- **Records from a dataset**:
★ ★ ★ ★ ★ ★ ★

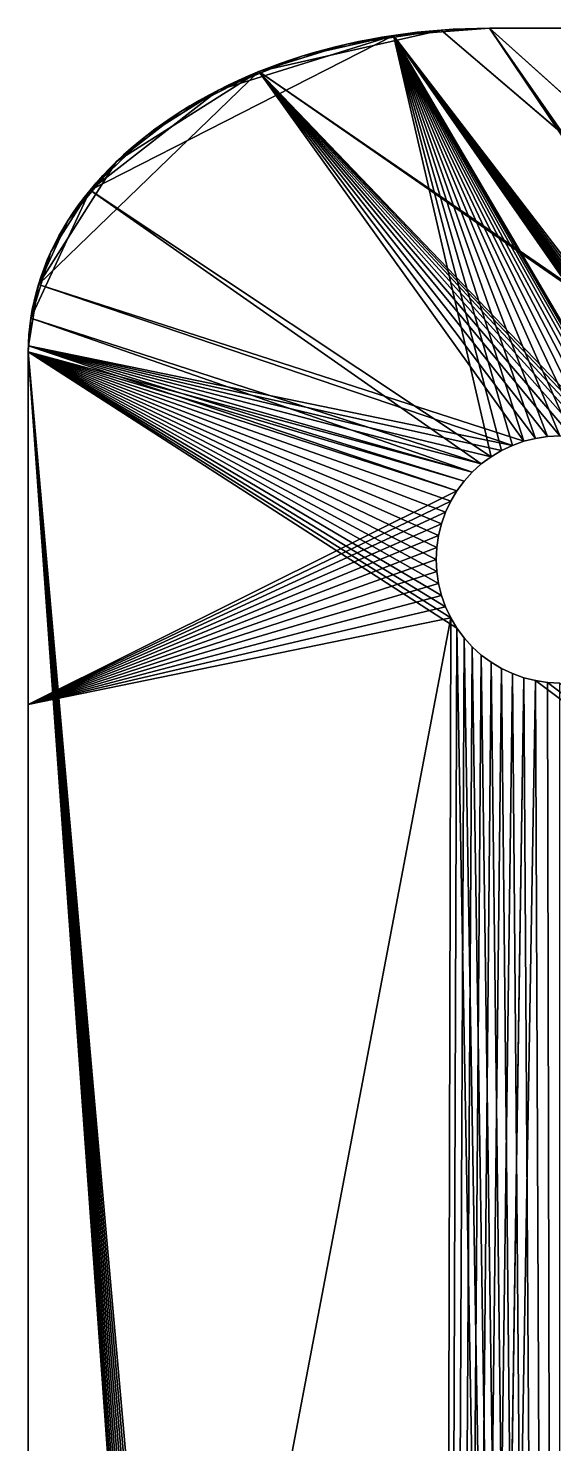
# Model space of a CAD drawing. Extents: x -56 to 56, y -42 to 42.
# Drawn here: x -56.15 to -49.77, y 25.21 to 42.4 of the extents above; entities that cross this region are included whole.
import ezdxf

# ---------------------------------------------------------------- set-up
doc = ezdxf.new("R2010")
doc.units = 0

msp = doc.modelspace()

# ---------------------------------------------------------------- linework, layer by layer
for points in [[(-55.4, 40.436, 13), (-53.843, 41.65, 13), (-51.718, 42.314, 13)], [(-50.533, 37.197, 13), (-55.4, 40.436, 13), (-51.718, 42.314, 13)], [(-53.843, 41.65, 13), (-52.83, 42.06, 13), (-51.718, 42.314, 13)], [(-51.139, 42.378, 16), (-52.283, 42.208, 16), (-53.352, 41.874, 16)], [(-38.991, 31.996, 16), (-51.139, 42.378, 16), (-53.352, 41.874, 16)], [(-52.83, 42.06, 13), (-52.283, 42.208, 13), (-51.718, 42.314, 13)], [(-51.139, 42.378, 16), (-51.718, 42.314, 16), (-52.283, 42.208, 16)], [(-52.283, 42.208, 13), (-52.003, 42.266, 13), (-51.718, 42.314, 13)], [(-51.718, 42.314, 16), (-52.003, 42.266, 16), (-52.283, 42.208, 16)], [(-52.003, 42.266, 13), (-51.861, 42.291, 13), (-51.718, 42.314, 13)], [(-51.718, 42.314, 16), (-51.861, 42.291, 16), (-52.003, 42.266, 16)], [(-52.003, 42.266, 16), (-51.861, 42.291, 16), (-51.861, 42.291, 13)], [(-52.003, 42.266, 16), (-51.861, 42.291, 13), (-52.003, 42.266, 13)], [(-51.861, 42.291, 16), (-51.718, 42.314, 16), (-51.718, 42.314, 13)], [(-51.861, 42.291, 16), (-51.718, 42.314, 13), (-51.861, 42.291, 13)], [(-51.718, 42.314, 13), (-51.139, 42.378, 13), (-50.554, 42.4, 13)], [(-51.718, 42.314, 13), (-50.554, 42.4, 13), (-41.826, 29.431, 13)], [(-51.718, 42.314, 13), (-51.43, 42.352, 13), (-51.139, 42.378, 13)], [(-51.139, 42.378, 16), (-51.43, 42.352, 16), (-51.718, 42.314, 16)], [(-51.718, 42.314, 13), (-51.574, 42.334, 13), (-51.43, 42.352, 13)], [(-51.43, 42.352, 16), (-51.574, 42.334, 16), (-51.718, 42.314, 16)], [(-51.718, 42.314, 16), (-51.574, 42.334, 16), (-51.574, 42.334, 13)], [(-51.718, 42.314, 16), (-51.574, 42.334, 13), (-51.718, 42.314, 13)], [(-51.718, 42.314, 13), (-41.826, 29.431, 13), (-41.904, 29.334, 13)], [(-51.718, 42.314, 13), (-41.904, 29.334, 13), (-41.974, 29.235, 13)], [(-51.718, 42.314, 13), (-41.974, 29.235, 13), (-42.033, 29.134, 13)], [(-50.407, 37.273, 13), (-50.533, 37.197, 13), (-51.718, 42.314, 13)], [(-51.718, 42.314, 13), (-42.033, 29.134, 13), (-42.082, 29.031, 13)], [(-51.718, 42.314, 13), (-42.082, 29.031, 13), (-42.121, 28.928, 13)], [(-50.274, 37.336, 13), (-50.407, 37.273, 13), (-51.718, 42.314, 13)], [(-50.135, 37.385, 13), (-50.274, 37.336, 13), (-51.718, 42.314, 13)], [(-51.718, 42.314, 13), (-42.121, 28.928, 13), (-42.148, 28.824, 13)], [(-51.718, 42.314, 13), (-42.148, 28.824, 13), (-42.165, 28.72, 13)], [(-49.993, 37.421, 13), (-50.135, 37.385, 13), (-51.718, 42.314, 13)], [(-49.847, 37.443, 13), (-49.993, 37.421, 13), (-51.718, 42.314, 13)], [(-51.718, 42.314, 13), (-42.165, 28.72, 13), (-42.17, 28.618, 13)], [(-49.7, 37.45, 13), (-49.847, 37.443, 13), (-51.718, 42.314, 13)], [(-49.553, 37.443, 13), (-49.7, 37.45, 13), (-51.718, 42.314, 13)], [(-49.407, 37.421, 13), (-49.553, 37.443, 13), (-51.718, 42.314, 13)], [(-49.265, 37.385, 13), (-49.407, 37.421, 13), (-51.718, 42.314, 13)], [(-49.126, 37.336, 13), (-49.265, 37.385, 13), (-51.718, 42.314, 13)], [(-48.993, 37.273, 13), (-49.126, 37.336, 13), (-51.718, 42.314, 13)], [(-48.867, 37.197, 13), (-48.993, 37.273, 13), (-51.718, 42.314, 13)], [(-48.748, 37.11, 13), (-48.867, 37.197, 13), (-51.718, 42.314, 13)], [(-48.639, 37.011, 13), (-48.748, 37.11, 13), (-51.718, 42.314, 13)], [(-48.54, 36.902, 13), (-48.639, 37.011, 13), (-51.718, 42.314, 13)], [(-48.54, 36.902, 13), (-51.718, 42.314, 13), (-42.17, 28.618, 13)], [(-51.574, 42.334, 16), (-51.43, 42.352, 16), (-51.43, 42.352, 13)], [(-51.574, 42.334, 16), (-51.43, 42.352, 13), (-51.574, 42.334, 13)], [(-51.43, 42.352, 13), (-51.285, 42.366, 13), (-51.139, 42.378, 13)], [(-51.139, 42.378, 16), (-51.285, 42.366, 16), (-51.43, 42.352, 16)], [(-51.43, 42.352, 16), (-51.285, 42.366, 16), (-51.285, 42.366, 13)], [(-51.43, 42.352, 16), (-51.285, 42.366, 13), (-51.43, 42.352, 13)], [(-51.285, 42.366, 16), (-51.139, 42.378, 16), (-51.139, 42.378, 13)], [(-51.285, 42.366, 16), (-51.139, 42.378, 13), (-51.285, 42.366, 13)], [(-51.139, 42.378, 13), (-50.847, 42.395, 13), (-50.554, 42.4, 13)], [(-50.554, 42.4, 16), (-50.847, 42.395, 16), (-51.139, 42.378, 16)], [(-38.994, 32.014, 16), (-50.554, 42.4, 16), (-51.139, 42.378, 16)], [(-51.139, 42.378, 13), (-50.993, 42.388, 13), (-50.847, 42.395, 13)], [(-50.847, 42.395, 16), (-50.993, 42.388, 16), (-51.139, 42.378, 16)], [(-51.139, 42.378, 16), (-50.993, 42.388, 16), (-50.993, 42.388, 13)], [(-51.139, 42.378, 16), (-50.993, 42.388, 13), (-51.139, 42.378, 13)], [(-38.991, 31.996, 16), (-38.994, 32.014, 16), (-51.139, 42.378, 16)], [(-50.993, 42.388, 16), (-50.847, 42.395, 16), (-50.847, 42.395, 13)], [(-50.993, 42.388, 16), (-50.847, 42.395, 13), (-50.993, 42.388, 13)], [(-50.847, 42.395, 13), (-50.701, 42.399, 13), (-50.554, 42.4, 13)], [(-50.554, 42.4, 16), (-50.701, 42.399, 16), (-50.847, 42.395, 16)], [(-50.847, 42.395, 16), (-50.701, 42.399, 16), (-50.701, 42.399, 13)], [(-50.847, 42.395, 16), (-50.701, 42.399, 13), (-50.847, 42.395, 13)], [(-50.701, 42.399, 16), (-50.554, 42.4, 16), (-50.554, 42.4, 13)], [(-50.701, 42.399, 16), (-50.554, 42.4, 13), (-50.701, 42.399, 13)], [(-38.995, 42.4, 13), (-50.554, 42.4, 13), (-50.554, 42.4, 16)], [(-38.995, 42.4, 13), (-50.554, 42.4, 16), (-38.995, 42.4, 16)], [(-50.554, 42.4, 13), (-38.995, 42.4, 13), (-38.995, 32.032, 13)], [(-50.554, 42.4, 13), (-38.995, 32.032, 13), (-41.641, 29.613, 13)], [(-50.554, 42.4, 13), (-41.641, 29.613, 13), (-41.738, 29.524, 13)], [(-50.554, 42.4, 13), (-41.738, 29.524, 13), (-41.826, 29.431, 13)], [(-38.995, 32.032, 16), (-38.995, 42.4, 16), (-50.554, 42.4, 16)], [(-38.994, 32.014, 16), (-38.995, 32.032, 16), (-50.554, 42.4, 16)], [(-52.283, 42.208, 16), (-52.83, 42.06, 16), (-53.352, 41.874, 16)], [(-52.83, 42.06, 13), (-52.56, 42.139, 13), (-52.283, 42.208, 13)], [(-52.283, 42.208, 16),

★ ★ ★ ★ ★ ★ ★

Set down exactly the lines from the start of the records through the line containing "layer by layer", both included, and omit the pictures.

# Model space of a CAD drawing. Extents: x -56 to 56, y -42 to 42.
# Drawn here: x -56.15 to -49.77, y 25.21 to 42.4 of the extents above; entities that cross this region are included whole.
import ezdxf

# ---------------------------------------------------------------- set-up
doc = ezdxf.new("R2010")
doc.units = 0

msp = doc.modelspace()

# ---------------------------------------------------------------- linework, layer by layer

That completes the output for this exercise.